Persiraja hanyalah instrumen kecil dari imajinasi ke-Acehan, namun instrumen itu bisa lahir untuk kemudian membangunkan kembali kesadaran kolektif yang selama ini tercerai berai. Masih banyak instrumen lain sebenarnya yang bisa memupuk rasa patriotisme dan nasionalisme untuk tetap bertahan dan bangga pada bangsanya.

Sejarah mencatat bahwa Persiraja merupakan salah satu macan Sumatera di era 90-an, saat itu nama Irwansyah yang melegenda dan teman-temannya yang lain begitu terukir di dalam pikiran anak-anak Aceh. Setiap ada pertandingan besar tim “Aceh” ini selalu muncul dengan prestasi yang membanggakan. Hampir tidak ada masyarakat pecinta pesepak bola di Indonesia yang tidak mengenal Persiraja. Namun lagi-lagi kegemilangan yang sedang berada di atas awan itu diusik oleh konflik yang berkepanjangan dan memaksa tim “besar” ini kehilangan namanya dari papan kompetisi liga sepak bola Indonesia.

Hari ini “legenda” itu telah muncul kembali, sejarah telah terulang. Persiraja Banda Aceh kembali datang dengan semangat baru. Spririt patriotisme sebuah tim untuk membangun keutuhan dan persamaan visi dengan mengebiri ego rasis dan individualis hanya untuk satu tujuan yaitu kebanggaan bagi masyarakat terhadap “Aceh”.

Imajinasi yang selama ini berhasil dibangun oleh prestasi Persiraja akhirnya menjadi bentuk lain pembangunan Aceh yang pada masa awal berdirinya bangsa ini banyak dibangun oleh perasaan senasib sepenanggungan karena dijajah Belanda dan konflik berkepanjangan. Dan nilai itulah yang tergambar dari permainan bola, satu tim bersama bergerak untuk menuju visi yang kolektif tanpa ada kepentingan individu dalam sebuah tim.

Apa yang telah dilakukan Persiraja akhirnya menjadi katup pengaman, poros dari konsolidasi sebuah bangsa yang tercabik oleh kepentingan dan atas sejumlah peristiwa yang belakangan ini telah mengganggu imajinasi bersama kita sebagai bangsa Aceh. Peristiwa itu antara lain terlihat pada perilaku sejumlah elite politik yang korup, kepentingan politk sebagian golongan untuk mencabik-cabik Aceh yang satu, intimidasi golongan dan mementingkan dirinya sendiri sehingga rakyat seperti dibiarkan menghadapi penderitaannya.

Prestasi Persiraja juga telah membangkitkan harga diri bersama sebagai bangsa yang selama ini banyak diganggu oleh “tidak maksimalnya” pemerintah melindungi warganya yang menjadi objek eksploitasi koorporasi kapitalisme di daerah-daerah terpencil dengan dalih investasi atau menjaga kedaulatan wilayah yang akan dicabik oleh kepentingan pusat dan segelintir orang.
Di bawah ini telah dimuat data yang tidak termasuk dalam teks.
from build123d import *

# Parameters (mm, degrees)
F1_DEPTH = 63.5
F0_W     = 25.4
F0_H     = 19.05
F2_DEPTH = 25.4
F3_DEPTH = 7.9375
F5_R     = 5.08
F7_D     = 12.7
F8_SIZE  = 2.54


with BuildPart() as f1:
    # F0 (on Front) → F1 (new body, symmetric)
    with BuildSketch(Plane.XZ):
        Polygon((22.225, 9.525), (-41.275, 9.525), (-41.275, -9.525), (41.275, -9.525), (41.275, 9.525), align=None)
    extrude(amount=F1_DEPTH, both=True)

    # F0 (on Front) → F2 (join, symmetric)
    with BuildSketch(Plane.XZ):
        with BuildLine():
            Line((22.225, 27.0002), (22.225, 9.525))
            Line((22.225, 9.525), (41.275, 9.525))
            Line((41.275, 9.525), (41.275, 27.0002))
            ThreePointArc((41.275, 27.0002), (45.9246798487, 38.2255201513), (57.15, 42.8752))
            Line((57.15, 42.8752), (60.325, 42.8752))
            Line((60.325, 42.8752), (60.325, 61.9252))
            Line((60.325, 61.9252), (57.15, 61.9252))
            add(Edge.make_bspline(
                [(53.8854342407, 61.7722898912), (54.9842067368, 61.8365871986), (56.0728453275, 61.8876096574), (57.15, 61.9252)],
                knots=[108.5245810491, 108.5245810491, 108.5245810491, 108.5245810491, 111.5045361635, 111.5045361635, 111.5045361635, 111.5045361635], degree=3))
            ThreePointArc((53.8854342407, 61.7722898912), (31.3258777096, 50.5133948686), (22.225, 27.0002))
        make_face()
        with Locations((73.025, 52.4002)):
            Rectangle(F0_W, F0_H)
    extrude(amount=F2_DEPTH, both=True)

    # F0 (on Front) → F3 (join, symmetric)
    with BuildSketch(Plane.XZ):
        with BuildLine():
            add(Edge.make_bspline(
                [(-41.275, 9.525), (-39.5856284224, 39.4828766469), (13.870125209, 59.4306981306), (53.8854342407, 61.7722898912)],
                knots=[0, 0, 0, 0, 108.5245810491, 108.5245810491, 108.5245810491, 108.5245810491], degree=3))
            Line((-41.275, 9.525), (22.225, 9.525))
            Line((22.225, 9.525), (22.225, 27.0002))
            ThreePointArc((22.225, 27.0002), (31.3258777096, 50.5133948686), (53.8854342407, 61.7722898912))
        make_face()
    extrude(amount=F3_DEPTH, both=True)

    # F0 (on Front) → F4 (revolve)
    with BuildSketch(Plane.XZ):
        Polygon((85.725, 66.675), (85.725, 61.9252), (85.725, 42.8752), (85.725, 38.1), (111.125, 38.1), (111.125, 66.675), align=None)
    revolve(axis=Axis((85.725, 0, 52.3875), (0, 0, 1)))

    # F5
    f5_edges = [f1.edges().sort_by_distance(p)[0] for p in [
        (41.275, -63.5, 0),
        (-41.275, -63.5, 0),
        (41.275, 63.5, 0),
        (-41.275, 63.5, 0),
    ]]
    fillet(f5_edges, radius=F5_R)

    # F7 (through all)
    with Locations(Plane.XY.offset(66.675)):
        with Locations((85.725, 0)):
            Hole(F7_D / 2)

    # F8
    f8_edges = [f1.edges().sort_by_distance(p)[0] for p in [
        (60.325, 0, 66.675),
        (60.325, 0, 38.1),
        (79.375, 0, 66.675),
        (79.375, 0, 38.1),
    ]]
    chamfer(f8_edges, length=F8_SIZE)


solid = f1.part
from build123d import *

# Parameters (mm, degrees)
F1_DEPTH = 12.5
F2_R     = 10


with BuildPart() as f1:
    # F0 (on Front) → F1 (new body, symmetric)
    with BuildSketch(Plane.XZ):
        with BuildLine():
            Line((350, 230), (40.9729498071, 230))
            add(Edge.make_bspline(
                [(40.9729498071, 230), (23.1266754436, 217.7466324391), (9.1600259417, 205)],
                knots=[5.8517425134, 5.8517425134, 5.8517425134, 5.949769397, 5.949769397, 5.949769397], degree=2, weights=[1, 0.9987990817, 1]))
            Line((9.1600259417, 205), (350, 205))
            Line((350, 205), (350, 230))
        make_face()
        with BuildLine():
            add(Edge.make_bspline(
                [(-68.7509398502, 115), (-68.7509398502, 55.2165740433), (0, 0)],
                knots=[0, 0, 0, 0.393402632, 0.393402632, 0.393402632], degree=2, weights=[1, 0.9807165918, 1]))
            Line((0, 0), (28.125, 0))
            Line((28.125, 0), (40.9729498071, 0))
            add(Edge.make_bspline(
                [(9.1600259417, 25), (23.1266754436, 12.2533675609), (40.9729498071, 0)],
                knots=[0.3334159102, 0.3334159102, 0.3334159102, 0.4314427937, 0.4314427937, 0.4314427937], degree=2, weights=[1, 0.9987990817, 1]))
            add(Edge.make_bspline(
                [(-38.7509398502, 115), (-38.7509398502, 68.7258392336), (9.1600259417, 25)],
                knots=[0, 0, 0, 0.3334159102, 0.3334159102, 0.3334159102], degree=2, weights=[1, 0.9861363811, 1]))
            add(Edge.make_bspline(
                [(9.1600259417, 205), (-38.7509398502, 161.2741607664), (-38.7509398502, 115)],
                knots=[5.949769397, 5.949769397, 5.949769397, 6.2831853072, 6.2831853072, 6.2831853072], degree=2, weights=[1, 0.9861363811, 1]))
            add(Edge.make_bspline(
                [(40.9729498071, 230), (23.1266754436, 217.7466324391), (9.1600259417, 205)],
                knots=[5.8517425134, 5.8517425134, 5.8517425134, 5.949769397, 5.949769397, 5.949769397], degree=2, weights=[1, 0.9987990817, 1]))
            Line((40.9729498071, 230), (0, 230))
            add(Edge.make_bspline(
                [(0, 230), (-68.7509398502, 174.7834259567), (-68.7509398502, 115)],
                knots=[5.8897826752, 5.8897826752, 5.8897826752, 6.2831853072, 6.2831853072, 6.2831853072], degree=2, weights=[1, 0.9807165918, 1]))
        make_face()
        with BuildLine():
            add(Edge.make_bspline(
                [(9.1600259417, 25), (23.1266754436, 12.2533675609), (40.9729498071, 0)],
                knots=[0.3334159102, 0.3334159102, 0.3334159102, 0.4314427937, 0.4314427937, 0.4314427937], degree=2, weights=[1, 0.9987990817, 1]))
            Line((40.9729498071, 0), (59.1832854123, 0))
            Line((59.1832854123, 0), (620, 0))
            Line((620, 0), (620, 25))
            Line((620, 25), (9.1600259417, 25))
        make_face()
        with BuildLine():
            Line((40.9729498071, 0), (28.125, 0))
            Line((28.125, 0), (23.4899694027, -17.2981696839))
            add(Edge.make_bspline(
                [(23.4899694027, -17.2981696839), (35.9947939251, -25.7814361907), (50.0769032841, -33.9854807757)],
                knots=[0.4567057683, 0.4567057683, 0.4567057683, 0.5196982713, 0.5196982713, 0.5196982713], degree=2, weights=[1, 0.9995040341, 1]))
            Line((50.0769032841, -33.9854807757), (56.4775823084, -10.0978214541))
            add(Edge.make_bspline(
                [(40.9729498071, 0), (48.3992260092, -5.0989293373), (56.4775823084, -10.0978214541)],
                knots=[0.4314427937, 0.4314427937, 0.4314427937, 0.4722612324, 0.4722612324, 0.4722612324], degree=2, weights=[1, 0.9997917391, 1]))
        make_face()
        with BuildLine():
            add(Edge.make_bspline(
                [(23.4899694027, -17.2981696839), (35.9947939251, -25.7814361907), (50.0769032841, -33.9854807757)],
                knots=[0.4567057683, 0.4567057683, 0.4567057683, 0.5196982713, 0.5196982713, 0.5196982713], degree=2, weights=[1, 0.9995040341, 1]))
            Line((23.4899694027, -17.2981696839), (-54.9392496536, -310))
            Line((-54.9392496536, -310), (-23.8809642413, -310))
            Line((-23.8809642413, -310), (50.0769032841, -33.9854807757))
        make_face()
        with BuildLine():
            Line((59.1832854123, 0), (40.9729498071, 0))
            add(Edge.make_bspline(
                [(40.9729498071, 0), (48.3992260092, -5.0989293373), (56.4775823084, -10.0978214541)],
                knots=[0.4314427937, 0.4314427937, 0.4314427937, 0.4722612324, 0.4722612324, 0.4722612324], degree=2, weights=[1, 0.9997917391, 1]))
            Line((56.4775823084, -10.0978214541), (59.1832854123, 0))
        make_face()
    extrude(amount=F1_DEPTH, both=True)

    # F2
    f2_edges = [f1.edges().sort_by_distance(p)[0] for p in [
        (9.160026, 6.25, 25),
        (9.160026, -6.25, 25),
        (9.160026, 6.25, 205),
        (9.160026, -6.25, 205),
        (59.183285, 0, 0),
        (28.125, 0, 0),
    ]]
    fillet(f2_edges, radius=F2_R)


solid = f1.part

Akhirnya, masih ada prestasi yang ditorehkan tim sepak bola Aceh yaitu Persiraja. Semoga Aceh bisa menjadi juara di Piala Ti-Phone 2011 dan terus berprestasi hingga masuk ke ranah ISL yang akan bertemu tim-tim tangguh lainnya. Di tengah berbagai masalah Aceh saat ini, tidak banyak prestasi yang dapat membangun imajinasi bersama kita sebagai bangsa Aceh. Padahal, imajinasi bersama itu menjadi guru dari kemajuan sebuah bangsa dan masyarakatnya. Semoga!

* Penulis adalah Mahasiswa Pascasarjana UGM -Yogyakarta.